What is a 'Confidence Interval'
A confidence interval measures the probability that a population parameter will fall between two set values. The confidence interval can take any number of probabilities, with the most common being 95% or 99%.
A confidence interval is the probability that a value will fall between an upper and lower bound of a probability distribution. For example, given a 99% confidence interval, stock XYZ's return will fall between 6.7% and +8.3% over the next year. In layman's terms, you are 99% confident that the returns of holding XYZ stock over the next year will fall between 6.7% and +8.3%.
BREAKING DOWN 'Confidence Interval'
Statisticians use confidence intervals to measure uncertainty. A higher probability associated with the confidence interval means that there is a greater degree of certainty that the parameter falls within the bounds of the interval. Therefore, a higher the confidence level indicates that the parameters must be broader to ensure that level of confidence.
For example, suppose a group of researchers is studying the heights of high school basketball players. The researchers take a random sample from the population and establish a mean height of 74 inches. What they are missing at this point is the degree of uncertainty in this single sample.

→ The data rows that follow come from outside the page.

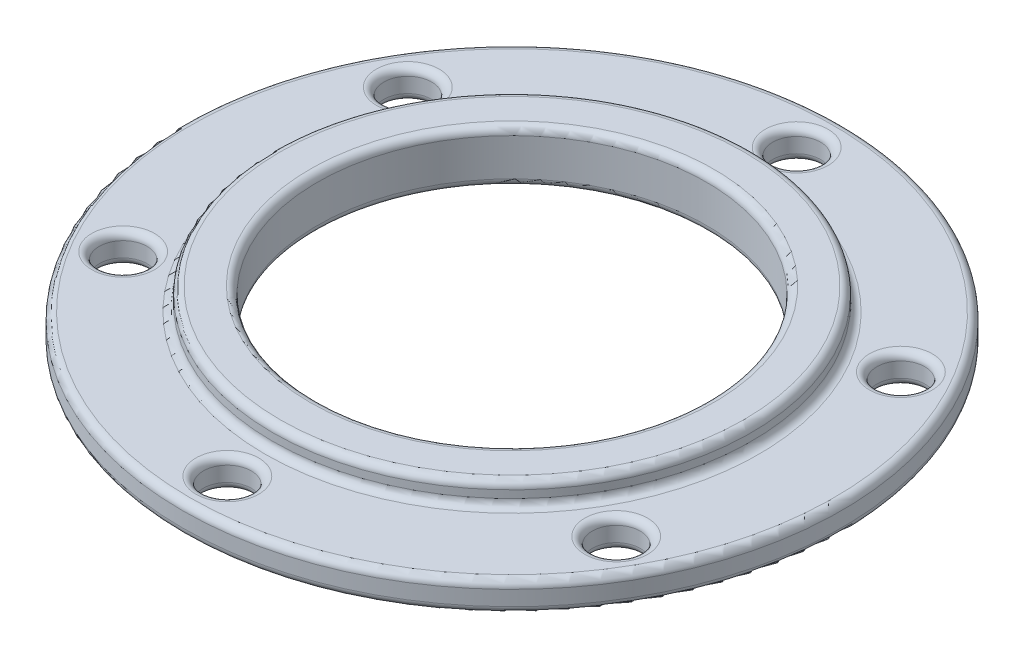
ISO-10303-21;
HEADER;
FILE_DESCRIPTION(('STEP AP214'),'2;1');
FILE_NAME('part.step','',(''),(''),'','','');
FILE_SCHEMA(('AUTOMOTIVE_DESIGN { 1 0 10303 214 1 1 1 1 }'));
ENDSEC;
DATA;
#1=APPLICATION_CONTEXT('core data for automotive mechanical design processes');
#2=APPLICATION_PROTOCOL_DEFINITION('international standard','automotive_design',2000,#1);
#3=PRODUCT_CONTEXT('',#1,'mechanical');
#4=PRODUCT('Part','Part','',(#3));
#5=PRODUCT_RELATED_PRODUCT_CATEGORY('part','',(#4));
#6=PRODUCT_DEFINITION_FORMATION('','',#4);
#7=PRODUCT_DEFINITION_CONTEXT('part definition',#1,'design');
#8=PRODUCT_DEFINITION('design','',#6,#7);
#9=PRODUCT_DEFINITION_SHAPE('','',#8);
#10=(LENGTH_UNIT() NAMED_UNIT(*) SI_UNIT(.MILLI.,.METRE.));
#11=(NAMED_UNIT(*) PLANE_ANGLE_UNIT() SI_UNIT($,.RADIAN.));
#12=(NAMED_UNIT(*) SI_UNIT($,.STERADIAN.) SOLID_ANGLE_UNIT());
#13=UNCERTAINTY_MEASURE_WITH_UNIT(LENGTH_MEASURE(1.E-05),#10,'distance_accuracy_value','');
#14=(GEOMETRIC_REPRESENTATION_CONTEXT(3) GLOBAL_UNCERTAINTY_ASSIGNED_CONTEXT((#13)) GLOBAL_UNIT_ASSIGNED_CONTEXT((#10,
#11,#12)) REPRESENTATION_CONTEXT('',''));
#15=CARTESIAN_POINT('',(0.,0.,0.));
#16=DIRECTION('',(0.,0.,1.));
#17=DIRECTION('',(1.,0.,0.));
#18=AXIS2_PLACEMENT_3D('',#15,#16,#17);
#19=CARTESIAN_POINT('',(0.,0.,0.));
#20=DIRECTION('',(0.,1.,0.));
#21=DIRECTION('',(0.,0.,1.));
#22=AXIS2_PLACEMENT_3D('',#19,#20,#21);
#23=PLANE('',#22);
#24=CARTESIAN_POINT('',(0.,0.,0.));
#25=DIRECTION('',(0.,1.,0.));
#26=DIRECTION('',(0.,0.,1.));
#27=AXIS2_PLACEMENT_3D('',#24,#25,#26);
#28=CIRCLE('',#27,16.5);
#29=CARTESIAN_POINT('',(0.,0.,16.5));
#30=VERTEX_POINT('',#29);
#31=EDGE_CURVE('E137',#30,#30,#28,.F.);
#32=ORIENTED_EDGE('',*,*,#31,.T.);
#33=EDGE_LOOP('',(#32));
#34=FACE_BOUND('',#33,.T.);
#35=CARTESIAN_POINT('',(-16.4761333069959,0.,-9.51249999999757));
#36=DIRECTION('',(0.,1.,0.));
#37=DIRECTION('',(0.,0.,1.));
#38=AXIS2_PLACEMENT_3D('',#35,#36,#37);
#39=CIRCLE('',#38,2.10000000000188);
#40=CARTESIAN_POINT('',(-16.4761333069959,0.,-7.4124999999957));
#41=VERTEX_POINT('',#40);
#42=EDGE_CURVE('E141',#41,#41,#39,.F.);
#43=ORIENTED_EDGE('',*,*,#42,.T.);
#44=EDGE_LOOP('',(#43));
#45=FACE_BOUND('',#44,.T.);
#46=CARTESIAN_POINT('',(-16.4761333069948,0.,9.51249999999948));
#47=DIRECTION('',(0.,1.,0.));
#48=DIRECTION('',(0.,0.,1.));
#49=AXIS2_PLACEMENT_3D('',#46,#47,#48);
#50=CIRCLE('',#49,2.10000000000286);
#51=CARTESIAN_POINT('',(-16.4761333069948,0.,11.6125000000023));
#52=VERTEX_POINT('',#51);
#53=EDGE_CURVE('E145',#52,#52,#50,.F.);
#54=ORIENTED_EDGE('',*,*,#53,.T.);
#55=EDGE_LOOP('',(#54));
#56=FACE_BOUND('',#55,.T.);
#57=CARTESIAN_POINT('',(2.16978020385542E-12,0.,19.0249999999971));
#58=DIRECTION('',(0.,1.,0.));
#59=DIRECTION('',(0.,0.,1.));
#60=AXIS2_PLACEMENT_3D('',#57,#58,#59);
#61=CIRCLE('',#60,2.10000000000306);
#62=CARTESIAN_POINT('',(2.16978020385542E-12,0.,21.1250000000001));
#63=VERTEX_POINT('',#62);
#64=EDGE_CURVE('E149',#63,#63,#61,.F.);
#65=ORIENTED_EDGE('',*,*,#64,.T.);
#66=EDGE_LOOP('',(#65));
#67=FACE_BOUND('',#66,.T.);
#68=CARTESIAN_POINT('',(16.476133306998,0.,9.51249999999758));
#69=DIRECTION('',(0.,1.,0.));
#70=DIRECTION('',(0.,0.,1.));
#71=AXIS2_PLACEMENT_3D('',#68,#69,#70);
#72=CIRCLE('',#71,2.10000000000223);
#73=CARTESIAN_POINT('',(16.476133306998,0.,11.6124999999998));
#74=VERTEX_POINT('',#73);
#75=EDGE_CURVE('E153',#74,#74,#72,.F.);
#76=ORIENTED_EDGE('',*,*,#75,.T.);
#77=EDGE_LOOP('',(#76));
#78=FACE_BOUND('',#77,.T.);
#79=CARTESIAN_POINT('',(16.4761333069969,0.,-9.51249999999948));
#80=DIRECTION('',(0.,1.,0.));
#81=DIRECTION('',(0.,0.,1.));
#82=AXIS2_PLACEMENT_3D('',#79,#80,#81);
#83=CIRCLE('',#82,2.10000000000115);
#84=CARTESIAN_POINT('',(16.4761333069969,0.,-7.41249999999832));
#85=VERTEX_POINT('',#84);
#86=EDGE_CURVE('E157',#85,#85,#83,.F.);
#87=ORIENTED_EDGE('',*,*,#86,.T.);
#88=EDGE_LOOP('',(#87));
#89=FACE_BOUND('',#88,.T.);
#90=CARTESIAN_POINT('',(0.,0.,-19.0249999999971));
#91=DIRECTION('',(0.,1.,0.));
#92=DIRECTION('',(0.,0.,1.));
#93=AXIS2_PLACEMENT_3D('',#90,#91,#92);
#94=CIRCLE('',#93,2.10000000000087);
#95=CARTESIAN_POINT('',(0.,0.,-16.9249999999962));
#96=VERTEX_POINT('',#95);
#97=EDGE_CURVE('E160',#96,#96,#94,.F.);
#98=ORIENTED_EDGE('',*,*,#97,.T.);
#99=EDGE_LOOP('',(#98));
#100=FACE_BOUND('',#99,.T.);
#101=CARTESIAN_POINT('',(0.,0.,0.));
#102=DIRECTION('',(0.,1.,0.));
#103=DIRECTION('',(0.,0.,1.));
#104=AXIS2_PLACEMENT_3D('',#101,#102,#103);
#105=CIRCLE('',#104,21.525);
#106=CARTESIAN_POINT('',(0.,0.,21.525));
#107=VERTEX_POINT('',#106);
#108=EDGE_CURVE('E164',#107,#107,#105,.T.);
#109=ORIENTED_EDGE('',*,*,#108,.T.);
#110=EDGE_LOOP('',(#109));
#111=FACE_BOUND('',#110,.T.);
#112=ADVANCED_FACE('F39',(#34,#45,#56,#67,#78,#89,#100,#111),#23,.T.);
#113=CARTESIAN_POINT('',(0.,-2.,0.));
#114=DIRECTION('',(0.,1.,0.));
#115=DIRECTION('',(0.,0.,1.));
#116=AXIS2_PLACEMENT_3D('',#113,#114,#115);
#117=CYLINDRICAL_SURFACE('',#116,22.025);
#118=CARTESIAN_POINT('',(0.,-0.5,0.));
#119=DIRECTION('',(0.,1.,0.));
#120=DIRECTION('',(0.,0.,1.));
#121=AXIS2_PLACEMENT_3D('',#118,#119,#120);
#122=CIRCLE('',#121,22.025);
#123=CARTESIAN_POINT('',(0.,-0.5,22.025));
#124=VERTEX_POINT('',#123);
#125=EDGE_CURVE('E82',#124,#124,#122,.F.);
#126=ORIENTED_EDGE('',*,*,#125,.T.);
#127=EDGE_LOOP('',(#126));
#128=FACE_BOUND('',#127,.T.);
#129=CARTESIAN_POINT('',(0.,-1.5,0.));
#130=DIRECTION('',(0.,1.,0.));
#131=DIRECTION('',(0.,0.,1.));
#132=AXIS2_PLACEMENT_3D('',#129,#130,#131);
#133=CIRCLE('',#132,22.025);
#134=CARTESIAN_POINT('',(0.,-1.5,22.025));
#135=VERTEX_POINT('',#134);
#136=EDGE_CURVE('E86',#135,#135,#133,.T.);
#137=ORIENTED_EDGE('',*,*,#136,.T.);
#138=EDGE_LOOP('',(#137));
#139=FACE_BOUND('',#138,.T.);
#140=ADVANCED_FACE('F206',(#128,#139),#117,.T.);
#141=CARTESIAN_POINT('',(0.,-2.,0.));
#142=DIRECTION('',(0.,1.,0.));
#143=DIRECTION('',(0.,0.,1.));
#144=AXIS2_PLACEMENT_3D('',#141,#142,#143);
#145=PLANE('',#144);
#146=CARTESIAN_POINT('',(0.,-2.,0.));
#147=DIRECTION('',(0.,1.,0.));
#148=DIRECTION('',(0.,0.,1.));
#149=AXIS2_PLACEMENT_3D('',#146,#147,#148);
#150=CIRCLE('',#149,21.525);
#151=CARTESIAN_POINT('',(0.,-2.,21.525));
#152=VERTEX_POINT('',#151);
#153=EDGE_CURVE('E10',#152,#152,#150,.F.);
#154=ORIENTED_EDGE('',*,*,#153,.T.);
#155=EDGE_LOOP('',(#154));
#156=FACE_BOUND('',#155,.T.);
#157=CARTESIAN_POINT('',(0.,-2.,-19.0249999999971));
#158=DIRECTION('',(0.,1.,0.));
#159=DIRECTION('',(0.,0.,1.));
#160=AXIS2_PLACEMENT_3D('',#157,#158,#159);
#161=CIRCLE('',#160,2.10000000000087);
#162=CARTESIAN_POINT('',(0.,-2.,-16.9249999999962));
#163=VERTEX_POINT('',#162);
#164=EDGE_CURVE('E47',#163,#163,#161,.T.);
#165=ORIENTED_EDGE('',*,*,#164,.T.);
#166=EDGE_LOOP('',(#165));
#167=FACE_BOUND('',#166,.T.);
#168=CARTESIAN_POINT('',(0.,-2.,0.));
#169=DIRECTION('',(0.,1.,0.));
#170=DIRECTION('',(0.,0.,1.));
#171=AXIS2_PLACEMENT_3D('',#168,#169,#170);
#172=CIRCLE('',#171,13.5);
#173=CARTESIAN_POINT('',(0.,-2.,13.5));
#174=VERTEX_POINT('',#173);
#175=EDGE_CURVE('E54',#174,#174,#172,.T.);
#176=ORIENTED_EDGE('',*,*,#175,.T.);
#177=EDGE_LOOP('',(#176));
#178=FACE_BOUND('',#177,.T.);
#179=CARTESIAN_POINT('',(16.4761333069969,-2.,-9.51249999999948));
#180=DIRECTION('',(0.,1.,0.));
#181=DIRECTION('',(0.,0.,1.));
#182=AXIS2_PLACEMENT_3D('',#179,#180,#181);
#183=CIRCLE('',#182,2.10000000000115);
#184=CARTESIAN_POINT('',(16.4761333069969,-2.,-7.41249999999832));
#185=VERTEX_POINT('',#184);
#186=EDGE_CURVE('E60',#185,#185,#183,.T.);
#187=ORIENTED_EDGE('',*,*,#186,.T.);
#188=EDGE_LOOP('',(#187));
#189=FACE_BOUND('',#188,.T.);
#190=CARTESIAN_POINT('',(16.476133306998,-2.,9.51249999999758));
#191=DIRECTION('',(0.,1.,0.));
#192=DIRECTION('',(0.,0.,1.));
#193=AXIS2_PLACEMENT_3D('',#190,#191,#192);
#194=CIRCLE('',#193,2.10000000000223);
#195=CARTESIAN_POINT('',(16.476133306998,-2.,11.6124999999998));
#196=VERTEX_POINT('',#195);
#197=EDGE_CURVE('E66',#196,#196,#194,.T.);
#198=ORIENTED_EDGE('',*,*,#197,.T.);
#199=EDGE_LOOP('',(#198));
#200=FACE_BOUND('',#199,.T.);
#201=CARTESIAN_POINT('',(2.16978020385542E-12,-2.,19.0249999999971));
#202=DIRECTION('',(0.,1.,0.));
#203=DIRECTION('',(0.,0.,1.));
#204=AXIS2_PLACEMENT_3D('',#201,#202,#203);
#205=CIRCLE('',#204,2.10000000000306);
#206=CARTESIAN_POINT('',(2.16978020385542E-12,-2.,21.1250000000001));
#207=VERTEX_POINT('',#206);
#208=EDGE_CURVE('E70',#207,#207,#205,.T.);
#209=ORIENTED_EDGE('',*,*,#208,.T.);
#210=EDGE_LOOP('',(#209));
#211=FACE_BOUND('',#210,.T.);
#212=CARTESIAN_POINT('',(-16.4761333069948,-2.,9.51249999999948));
#213=DIRECTION('',(0.,1.,0.));
#214=DIRECTION('',(0.,0.,1.));
#215=AXIS2_PLACEMENT_3D('',#212,#213,#214);
#216=CIRCLE('',#215,2.10000000000286);
#217=CARTESIAN_POINT('',(-16.4761333069948,-2.,11.6125000000023));
#218=VERTEX_POINT('',#217);
#219=EDGE_CURVE('E74',#218,#218,#216,.T.);
#220=ORIENTED_EDGE('',*,*,#219,.T.);
#221=EDGE_LOOP('',(#220));
#222=FACE_BOUND('',#221,.T.);
#223=CARTESIAN_POINT('',(-16.4761333069959,-2.,-9.51249999999757));
#224=DIRECTION('',(0.,1.,0.));
#225=DIRECTION('',(0.,0.,1.));
#226=AXIS2_PLACEMENT_3D('',#223,#224,#225);
#227=CIRCLE('',#226,2.10000000000188);
#228=CARTESIAN_POINT('',(-16.4761333069959,-2.,-7.4124999999957));
#229=VERTEX_POINT('',#228);
#230=EDGE_CURVE('E78',#229,#229,#227,.T.);
#231=ORIENTED_EDGE('',*,*,#230,.T.);
#232=EDGE_LOOP('',(#231));
#233=FACE_BOUND('',#232,.T.);
#234=ADVANCED_FACE('F202',(#156,#167,#178,#189,#200,#211,#222,#233),#145,.F.);
#235=CARTESIAN_POINT('',(0.,-2.,-19.0249999999971));
#236=DIRECTION('',(0.,1.,0.));
#237=DIRECTION('',(0.,0.,1.));
#238=AXIS2_PLACEMENT_3D('',#235,#236,#237);
#239=CYLINDRICAL_SURFACE('',#238,1.60000000000087);
#240=CARTESIAN_POINT('',(0.,-0.5,-19.0249999999971));
#241=DIRECTION('',(0.,1.,0.));
#242=DIRECTION('',(0.,0.,1.));
#243=AXIS2_PLACEMENT_3D('',#240,#241,#242);
#244=CIRCLE('',#243,1.60000000000087);
#245=CARTESIAN_POINT('',(0.,-0.5,-17.4249999999962));
#246=VERTEX_POINT('',#245);
#247=EDGE_CURVE('E90',#246,#246,#244,.T.);
#248=ORIENTED_EDGE('',*,*,#247,.T.);
#249=EDGE_LOOP('',(#248));
#250=FACE_BOUND('',#249,.T.);
#251=CARTESIAN_POINT('',(0.,-1.5,-19.0249999999971));
#252=DIRECTION('',(0.,1.,0.));
#253=DIRECTION('',(0.,0.,1.));
#254=AXIS2_PLACEMENT_3D('',#251,#252,#253);
#255=CIRCLE('',#254,1.60000000000087);
#256=CARTESIAN_POINT('',(0.,-1.5,-17.4249999999962));
#257=VERTEX_POINT('',#256);
#258=EDGE_CURVE('E94',#257,#257,#255,.F.);
#259=ORIENTED_EDGE('',*,*,#258,.T.);
#260=EDGE_LOOP('',(#259));
#261=FACE_BOUND('',#260,.T.);
#262=ADVANCED_FACE('F205',(#250,#261),#239,.F.);
#263=CARTESIAN_POINT('',(0.,-2.,0.));
#264=DIRECTION('',(0.,1.,0.));
#265=DIRECTION('',(0.,0.,1.));
#266=AXIS2_PLACEMENT_3D('',#263,#264,#265);
#267=CYLINDRICAL_SURFACE('',#266,13.);
#268=CARTESIAN_POINT('',(0.,1.,0.));
#269=DIRECTION('',(0.,1.,0.));
#270=DIRECTION('',(0.,0.,1.));
#271=AXIS2_PLACEMENT_3D('',#268,#269,#270);
#272=CIRCLE('',#271,13.);
#273=CARTESIAN_POINT('',(0.,1.,13.));
#274=VERTEX_POINT('',#273);
#275=EDGE_CURVE('E184',#274,#274,#272,.T.);
#276=ORIENTED_EDGE('',*,*,#275,.T.);
#277=EDGE_LOOP('',(#276));
#278=FACE_BOUND('',#277,.T.);
#279=CARTESIAN_POINT('',(0.,-1.5,0.));
#280=DIRECTION('',(0.,1.,0.));
#281=DIRECTION('',(0.,0.,1.));
#282=AXIS2_PLACEMENT_3D('',#279,#280,#281);
#283=CIRCLE('',#282,13.);
#284=CARTESIAN_POINT('',(0.,-1.5,13.));
#285=VERTEX_POINT('',#284);
#286=EDGE_CURVE('E188',#285,#285,#283,.F.);
#287=ORIENTED_EDGE('',*,*,#286,.T.);
#288=EDGE_LOOP('',(#287));
#289=FACE_BOUND('',#288,.T.);
#290=ADVANCED_FACE('F192',(#278,#289),#267,.F.);
#291=CARTESIAN_POINT('',(16.4761333069969,-2.,-9.51249999999948));
#292=DIRECTION('',(0.,1.,0.));
#293=DIRECTION('',(0.,0.,1.));
#294=AXIS2_PLACEMENT_3D('',#291,#292,#293);
#295=CYLINDRICAL_SURFACE('',#294,1.60000000000115);
#296=CARTESIAN_POINT('',(16.4761333069969,-0.5,-9.51249999999948));
#297=DIRECTION('',(0.,1.,0.));
#298=DIRECTION('',(0.,0.,1.));
#299=AXIS2_PLACEMENT_3D('',#296,#297,#298);
#300=CIRCLE('',#299,1.60000000000115);
#301=CARTESIAN_POINT('',(16.4761333069969,-0.5,-7.91249999999832));
#302=VERTEX_POINT('',#301);
#303=EDGE_CURVE('E97',#302,#302,#300,.T.);
#304=ORIENTED_EDGE('',*,*,#303,.T.);
#305=EDGE_LOOP('',(#304));
#306=FACE_BOUND('',#305,.T.);
#307=CARTESIAN_POINT('',(16.4761333069969,-1.5,-9.51249999999948));
#308=DIRECTION('',(0.,1.,0.));
#309=DIRECTION('',(0.,0.,1.));
#310=AXIS2_PLACEMENT_3D('',#307,#308,#309);
#311=CIRCLE('',#310,1.60000000000115);
#312=CARTESIAN_POINT('',(16.4761333069969,-1.5,-7.91249999999832));
#313=VERTEX_POINT('',#312);
#314=EDGE_CURVE('E101',#313,#313,#311,.F.);
#315=ORIENTED_EDGE('',*,*,#314,.T.);
#316=EDGE_LOOP('',(#315));
#317=FACE_BOUND('',#316,.T.);
#318=ADVANCED_FACE('F313',(#306,#317),#295,.F.);
#319=CARTESIAN_POINT('',(16.476133306998,-2.,9.51249999999758));
#320=DIRECTION('',(0.,1.,0.));
#321=DIRECTION('',(0.,0.,1.));
#322=AXIS2_PLACEMENT_3D('',#319,#320,#321);
#323=CYLINDRICAL_SURFACE('',#322,1.60000000000223);
#324=CARTESIAN_POINT('',(16.476133306998,-0.5,9.51249999999758));
#325=DIRECTION('',(0.,1.,0.));
#326=DIRECTION('',(0.,0.,1.));
#327=AXIS2_PLACEMENT_3D('',#324,#325,#326);
#328=CIRCLE('',#327,1.60000000000223);
#329=CARTESIAN_POINT('',(16.476133306998,-0.5,11.1124999999998));
#330=VERTEX_POINT('',#329);
#331=EDGE_CURVE('E105',#330,#330,#328,.T.);
#332=ORIENTED_EDGE('',*,*,#331,.T.);
#333=EDGE_LOOP('',(#332));
#334=FACE_BOUND('',#333,.T.);
#335=CARTESIAN_POINT('',(16.476133306998,-1.5,9.51249999999758));
#336=DIRECTION('',(0.,1.,0.));
#337=DIRECTION('',(0.,0.,1.));
#338=AXIS2_PLACEMENT_3D('',#335,#336,#337);
#339=CIRCLE('',#338,1.60000000000223);
#340=CARTESIAN_POINT('',(16.476133306998,-1.5,11.1124999999998));
#341=VERTEX_POINT('',#340);
#342=EDGE_CURVE('E109',#341,#341,#339,.F.);
#343=ORIENTED_EDGE('',*,*,#342,.T.);
#344=EDGE_LOOP('',(#343));
#345=FACE_BOUND('',#344,.T.);
#346=ADVANCED_FACE('F303',(#334,#345),#323,.F.);
#347=CARTESIAN_POINT('',(2.16978020385542E-12,-2.,19.0249999999971));
#348=DIRECTION('',(0.,1.,0.));
#349=DIRECTION('',(0.,0.,1.));
#350=AXIS2_PLACEMENT_3D('',#347,#348,#349);
#351=CYLINDRICAL_SURFACE('',#350,1.60000000000306);
#352=CARTESIAN_POINT('',(2.16978020385542E-12,-0.5,19.0249999999971));
#353=DIRECTION('',(0.,1.,0.));
#354=DIRECTION('',(0.,0.,1.));
#355=AXIS2_PLACEMENT_3D('',#352,#353,#354);
#356=CIRCLE('',#355,1.60000000000306);
#357=CARTESIAN_POINT('',(2.16978020385542E-12,-0.5,20.6250000000001));
#358=VERTEX_POINT('',#357);
#359=EDGE_CURVE('E113',#358,#358,#356,.T.);
#360=ORIENTED_EDGE('',*,*,#359,.T.);
#361=EDGE_LOOP('',(#360));
#362=FACE_BOUND('',#361,.T.);
#363=CARTESIAN_POINT('',(2.16978020385542E-12,-1.5,19.0249999999971));
#364=DIRECTION('',(0.,1.,0.));
#365=DIRECTION('',(0.,0.,1.));
#366=AXIS2_PLACEMENT_3D('',#363,#364,#365);
#367=CIRCLE('',#366,1.60000000000306);
#368=CARTESIAN_POINT('',(2.16978020385542E-12,-1.5,20.6250000000001));
#369=VERTEX_POINT('',#368);
#370=EDGE_CURVE('E117',#369,#369,#367,.F.);
#371=ORIENTED_EDGE('',*,*,#370,.T.);
#372=EDGE_LOOP('',(#371));
#373=FACE_BOUND('',#372,.T.);
#374=ADVANCED_FACE('F300',(#362,#373),#351,.F.);
#375=CARTESIAN_POINT('',(-16.4761333069948,-2.,9.51249999999948));
#376=DIRECTION('',(0.,1.,0.));
#377=DIRECTION('',(0.,0.,1.));
#378=AXIS2_PLACEMENT_3D('',#375,#376,#377);
#379=CYLINDRICAL_SURFACE('',#378,1.60000000000286);
#380=CARTESIAN_POINT('',(-16.4761333069948,-0.5,9.51249999999948));
#381=DIRECTION('',(0.,1.,0.));
#382=DIRECTION('',(0.,0.,1.));
#383=AXIS2_PLACEMENT_3D('',#380,#381,#382);
#384=CIRCLE('',#383,1.60000000000286);
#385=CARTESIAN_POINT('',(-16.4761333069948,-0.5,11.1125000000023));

By establishing a 95% confidence interval using the sample's mean and standard deviation, and assuming a normal distribution as represented by the bell curve, the researchers arrive at an upper and lower bound that contains the true mean 95% of the time. Assume the interval is 72 inches to 76 inches. If the researchers take 100 random samples from the population of high school basketball players as a whole, the mean should fall between 72 and 76 inches in 95 of those samples.
If the researchers want even greater confidence, they can expand the interval to 99% confidence. Doing so invariably creates a broader range, as it makes room for a greater number of sample means. If they establish the 99% confidence interval as 70 inches to 78 inches, they can expect 99 of 100 samples evaluated to contain a mean value between these numbers.
Common Misconceptions
The biggest misconception regarding confidence intervals is that they represent the percentage of data from a given sample that falls between the upper and lower bounds. For example, one might erroneously interpret the aforementioned 99% confidence interval of 70 to 78 inches as indicating that 99% of the data in a random sample falls between these numbers. This is incorrect, though a separate method of statistical analysis exists to make such a determination. Doing so involves identifying the sample's mean and standard deviation and plotting these figures on a bell curve.